A senior Colombian government source, who briefed the Observer on condition of anonymity, described the chances for talks as the best ever, adding that the Santos government had already enacted a new law for land reform and victim restitution. "President Santos is a pragmatist. He has already presented to congress a framework for an agreement. Colombia was already moving into a post-conflict phase, in some respects, even as the conflict continues. It is the right moment. Farc have a historic opportunity – probably the last – to find a solution to this conflict with dignity. To go into history and say they fought for social justice. To say they fought for land reform.
"We want to see 'Timochenko' [Rodrigo Londoño Echeverri, who took over command of Farc after Cano's death in 2011] in Colombia's congress just as we have seen Gerry Adams in the Northern Ireland assembly."
The sense of a guarded new optimism is shared by outside observers, including Marc Chernick, a US academic who has followed the history of Colombian peace negotiations and written The Farc at the Negotiating Table. Speaking from Colombia on Friday, Chernick said: "I've observed all the previous negotiations and I have been optimistic before, but this time I believe there is a real seriousness on both sides that has not been shown before.
"In the past Farc has always asked for a demilitarised zone as a precondition and this time it has not pressed for that.

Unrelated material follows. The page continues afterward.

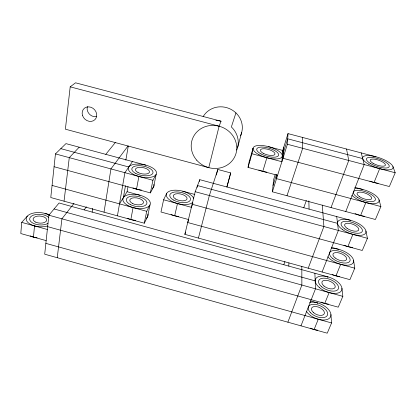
<?xml version="1.0" encoding="UTF-8"?>
<svg xmlns="http://www.w3.org/2000/svg" width="416" height="416" viewBox="0 0 416 416"><rect width="100%" height="100%" fill="white"/><g stroke="black" fill="none" stroke-linecap="round" stroke-linejoin="round"><path stroke-width="0.62" d="M288.798 266.11L288.907 262.907M379.028 199.789L380.879 206.565L375.398 219.497L272.386 191.807L287.388 144.258L288.012 133.609L376.012 156.796M283.785 147.108L282.968 158.278L389.36 186.545L395.2 172.765L392.948 166.587M27.388 216.086L21.715 222.368L20.8 233.558L46.155 240.614M276.874 175.001L276.541 178.646L380.879 206.565M33.462 237.084L34.518 225.919M272.386 191.807L273.65 179.488L275.163 174.642M45.074 214.141L45.146 213.455L49.462 214.646M327.709 277.545L327.98 276.874L59.082 202.992L48.88 215.207L44.699 254.202L327.231 333.19L331.568 322.956L330.933 314.522M145.87 165.152L65.952 143.619L55.453 153.899L50.773 197.543L144.295 223.215L147.612 216.658L149.989 204.922L146.687 211.297L144.295 223.215M208.759 167.648L219.118 126.209L221.036 121.212L75.551 82.81L70.2 86.835L65.385 129.194L208.759 167.648L208.894 167.284M57.247 257.712L61.927 218.806L73.975 203.408M64.043 201.183L69.28 157.638L79.196 147.186M92.149 212.222L92.716 208.385M104.031 212.16L110.947 168.912L127.982 146M125.835 160.186L128.258 146.12M117.421 215.836L124.904 172.687L132.47 161.543M123.37 197.662L125.471 185.744M119.496 203.866L127.083 191.724L127.998 186.607M130.842 219.523L133.078 207.579M136.526 189.134L138.892 176.472M150.384 192.899L152.916 180.268L156.177 174.392L153.66 186.815L150.384 192.899L54.08 166.733M248.03 167.398L251.93 153.759L253.063 148.179L249.241 161.58L248.03 167.398L277.597 175.302M166.587 193.554L163.602 199.779L160.976 212.014L188.443 219.518M174.694 215.758L177.486 203.554M353.595 260.463L354.77 268.19L349.913 279.651L184.844 234.343L195.192 191.708L199.768 179.676L350.6 220.314M197.08 187.408L197.532 185.557L337.532 223.356M199.321 181.496L199.768 179.676M198.422 238.072L209.357 195.541L217.818 169.468L230.708 172.926L226.902 186.987M216.372 175.048L217.818 169.468M237.572 147.701L241.675 132.517M227.011 186.54L230.708 172.926M262.792 171.345L266.885 157.737M282.183 152.225L288.012 133.609M273.031 185.51L276.515 174.418M282.324 155.948L287.711 138.809L362.69 158.6M235.929 112.913L231.364 126.942A22.459 20.951 20.5 0 1 236.766 150.062M286.993 195.733L302.671 148.299L302.588 137.446M283.858 264.592L284.924 261.555M303.732 207.875L306.301 200.543M184.844 234.343L185.666 232.071M188.599 220.1L187.715 222.518L354.77 268.19M192.795 202.519L192.15 204.251L362.274 250.479L367.432 238.311L365.934 231.026M192.92 203.263L191.402 207.34L163.602 199.779M287.888 322.192L301.87 285.048L301.818 266.453M308.209 268.206L323.892 226.533L322.317 205.093M331.032 207.574L348.754 160.488L346.533 149.027M300.976 325.848L315.494 288.808L314.886 273.281M322.078 272.012L338.369 230.448L336.726 216.575M345.784 211.536L364.198 164.57L361.254 152.906M317.32 303.529L317.569 302.895L310.294 300.877M314.09 329.514L318.271 319.254M324.724 303.43L329.15 292.578M335.977 275.829L340.668 264.332M347.906 246.574L352.882 234.374M360.573 215.514L365.862 202.545M374.046 182.473L379.678 168.662M341.947 288.252L342.836 296.358L338.255 307.18L47.653 226.652M84.162 209.882L86.403 206.82M105.773 154.346L115.305 142.579M70.2 86.835L219.118 126.209M287.388 144.258L395.2 172.765M268.429 146.64L282.745 150.436L281.882 161.725L251.93 153.759M354.843 187.346L362.929 189.504M60.819 148.647L128.773 166.993M55.453 153.899L152.916 180.268M195.192 191.708L367.432 238.311M182.744 191.199L194.86 194.48M127.083 191.724L140.104 195.265M331.625 247.39L338.972 249.392M52.073 185.432L146.687 211.297M54.085 208.972L315.182 280.878M48.88 215.207L342.836 296.358M21.715 222.368L47.351 229.476M45.864 243.365L331.568 322.956M308.849 200.84L309.078 209.128M328.422 304.138A14.071 7.384 23.4 0 1 320.991 302.078M317.689 330.19A13.697 7.722 24.5 0 1 310.471 328.172M309.582 302.422A13.842 7.592 24.1 0 1 328.479 309.447A13.842 7.592 24.1 0 1 324.802 319.966A13.842 7.592 24.1 0 1 306.426 311.454M47.642 225.956A13.676 7.077 4.4 0 1 29.177 223.506A13.676 7.077 4.4 0 1 30.67 213.918A13.676 7.077 4.4 0 1 49.327 215.129M37.164 237.796A13.53 7.218 4 0 1 30.191 235.856M47.944 223.371A10.254 5.309 4.4 0 1 32.547 222.924A10.254 5.309 4.4 0 1 33.821 215.004A10.254 5.309 4.4 0 1 48.87 217.599M147.878 214.063A13.79 6.968 10.4 0 1 146.203 218.296M135.59 220.376A13.79 6.968 10.4 0 1 127.291 218.254M153.884 184.387A14.186 6.51 10.8 0 1 152.246 188.323M141.404 190.044A14.186 6.51 10.8 0 1 132.865 187.866M266.895 172.198A14.971 5.803 16.1 0 1 258.762 170.03M249.267 162.682A14.971 5.803 16.1 0 1 250.115 160.17M378.186 183.342A15.829 5.413 19.5 0 1 369.772 181.111M364.593 216.336A15.345 6.016 20.4 0 1 355.035 213.559M355.295 188.427A15.538 5.782 20 0 1 376.314 196.108A15.538 5.782 20 0 1 372.642 203.627A15.538 5.782 20 0 1 351.9 195.385M215.847 120.437A22.459 20.951 20.5 0 1 221.036 121.212M96.652 116.558A7.608 6.656 45.4 0 1 89.294 113.989A7.608 6.656 45.4 0 1 87.464 106.491M203.128 116.646A21.003 19.869 20.5 0 1 230.823 109.273A21.003 19.869 20.5 0 1 240.412 135.871M352.685 247.447A14.893 6.536 21.4 0 1 343.923 245.211M339.778 276.572A14.466 6.994 22.4 0 1 332.124 274.472M331.703 248.544A14.633 6.817 22 0 1 351.291 256.324A14.633 6.817 22 0 1 347.121 265.226A14.633 6.817 22 0 1 327.844 256.792M192.608 202.524A14.134 6.635 12.9 0 1 170.648 200.632A14.134 6.635 12.9 0 1 173.347 190.278A14.134 6.635 12.9 0 1 193.69 198.39M178.578 216.538A13.972 6.822 12.9 0 1 171.028 214.474M319.561 287.7A14.227 7.233 23 0 0 341.666 290.306A14.227 7.233 23 0 0 324.506 276.188A14.227 7.233 23 0 0 319.561 287.7M321.766 286.853A10.67 5.424 23 0 0 338.369 288.86A10.67 5.424 23 0 0 325.562 278.257A10.67 5.424 23 0 0 321.766 286.853M310.534 312.78A10.379 5.694 24.1 0 0 327.142 315.713A10.379 5.694 24.1 0 0 316.103 304.517A10.379 5.694 24.1 0 0 310.534 312.78M128.055 205.613A13.946 6.791 10.6 0 0 150.223 204.35A13.946 6.791 10.6 0 0 131.539 194.314A13.946 6.791 10.6 0 0 128.055 205.613M130.177 204.48A10.457 5.091 10.6 0 0 146.838 203.585A10.457 5.091 10.6 0 0 132.881 196.03A10.457 5.091 10.6 0 0 130.177 204.48M133.718 174.528A14.352 6.308 10.9 0 0 156.406 173.862A14.352 6.308 10.9 0 0 137.067 164.065A14.352 6.308 10.9 0 0 133.718 174.528M135.871 173.519A10.764 4.727 10.9 0 0 152.922 173.072A10.764 4.727 10.9 0 0 138.481 165.693A10.764 4.727 10.9 0 0 135.871 173.519M258.887 154.638A15.158 5.554 16 0 0 282.225 156.442A15.158 5.554 16 0 0 261.914 145.501A15.158 5.554 16 0 0 258.887 154.638M261.035 153.941A11.367 4.165 16 0 0 278.58 155.345A11.367 4.165 16 0 0 263.416 147.124A11.367 4.165 16 0 0 261.035 153.941M368.524 164.143A16.037 5.143 19.1 0 0 392.969 168.1A16.037 5.143 19.1 0 0 372.096 155.953A16.037 5.143 19.1 0 0 368.524 164.143M370.781 163.696A12.028 3.858 19.1 0 0 389.152 166.712A12.028 3.858 19.1 0 0 373.568 157.596A12.028 3.858 19.1 0 0 370.781 163.696M357.391 197.34A11.648 4.337 20 0 0 375.289 200.065A11.648 4.337 20 0 0 360.49 190.476A11.648 4.337 20 0 0 357.391 197.34M373.079 163.29A8.018 2.569 19.1 0 0 385.356 165.334A8.018 2.569 19.1 0 0 375.014 159.25A8.018 2.569 19.1 0 0 373.079 163.29M359.679 196.81A7.764 2.891 20 0 0 371.634 198.661A7.764 2.891 20 0 0 361.811 192.265A7.764 2.891 20 0 0 359.679 196.81M344.802 228.966A11.3 4.753 21 0 0 362.253 231.426A11.3 4.753 21 0 0 348.166 221.442A11.3 4.753 21 0 0 344.802 228.966M347.074 228.332A7.535 3.167 21 0 0 358.727 230.006A7.535 3.167 21 0 0 349.383 223.345A7.535 3.167 21 0 0 347.074 228.332M332.951 258.752A10.972 5.112 22 0 0 349.965 260.972A10.972 5.112 22 0 0 336.544 250.656A10.972 5.112 22 0 0 332.951 258.752M335.202 258.029A7.316 3.406 22 0 0 346.564 259.542A7.316 3.406 22 0 0 337.662 252.652A7.316 3.406 22 0 0 335.202 258.029M324.002 286.047A7.114 3.614 23 0 0 335.088 287.425A7.114 3.614 23 0 0 326.586 280.342A7.114 3.614 23 0 0 324.002 286.047M313.409 312.53A6.921 3.796 24.1 0 0 324.236 313.778A6.921 3.796 24.1 0 0 316.113 306.535A6.921 3.796 24.1 0 0 313.409 312.53M263.214 153.275A7.576 2.777 16 0 0 274.94 154.248A7.576 2.777 16 0 0 264.872 148.756A7.576 2.777 16 0 0 263.214 153.275M173.472 200.023A10.598 4.976 12.9 0 0 190.377 200.013A10.598 4.976 12.9 0 0 176.597 191.922A10.598 4.976 12.9 0 0 173.472 200.023M175.682 199.061A7.067 3.318 12.9 0 0 186.976 199.087A7.067 3.318 12.9 0 0 177.83 193.679A7.067 3.318 12.9 0 0 175.682 199.061M138.044 172.541A7.176 3.151 10.9 0 0 149.438 172.276A7.176 3.151 10.9 0 0 139.849 167.341A7.176 3.151 10.9 0 0 138.044 172.541M132.319 203.382A6.973 3.396 10.6 0 0 143.447 202.821A6.973 3.396 10.6 0 0 134.186 197.766A6.973 3.396 10.6 0 0 132.319 203.382M35.87 222.217A6.838 3.536 4.4 0 0 46.696 220.371A6.838 3.536 4.4 0 0 37.185 216.19A6.838 3.536 4.4 0 0 35.87 222.217M196.685 160.16A22.989 21.341 20.5 0 0 235.482 155.064A22.989 21.341 20.5 0 0 209.773 125.596A22.989 21.341 20.5 0 0 196.685 160.16M82.54 115.554A7.784 6.776 44.8 0 0 94.957 119.631A7.784 6.776 44.8 0 0 90.813 107.234A7.784 6.776 44.8 0 0 82.54 115.554M342.566 229.642A15.07 6.339 21 0 0 365.789 232.851A15.07 6.339 21 0 0 346.923 219.56A15.07 6.339 21 0 0 342.566 229.642"/></g></svg>

Four years ago it started to release prisoners, first civilians then military, and then renounced kidnapping.
"Clearly they want to talk. And they stayed at the table for the pre-negotiations even though three senior leaders were killed, including Alfonso Cano.
"Santos is clear, too. He was former minister of defence under President Uribe. They pushed the war as hard as they could and killed leaders. Now he has recognised that it will go on indefinitely. So Santos has come to the conclusion that only a negotiated solution is possible."
Chernick – like the senior government source – warned of the risk of violence during the peace talks from those, particularly on the right, opposed to peace with Farc, not least, he says, from paramilitaries who, although officially "disbanded", are still active and supported by elite sectors of society. "What is different this time," added Chernick, "is that both sides have signed up to the idea that the intended end of the peace talks is the end of the conflict."
A losing battle
The Revolutionary Armed Forces of Colombia (Farc) has been fighting a guerrilla conflict since 1964. Formed by Marxist-Leninist intellectuals, it claimed to represent the poor against the ruling elite and the stranglehold of the US.
By the 1990s it had become one of the richest guerrilla armies in the world, financed through kidnapping, drugs and illegal gold mines. In 2008 several Farc leaders, including Alfonso Cano were killed, weakening the group, which is now led by Rodrigo Londoño, better known as Timochenko. The Colombian military says the rebels' strength is down from 16,000 fighters in 2001, when they controlled nearly a third of the country, to about 8,000 in rural areas.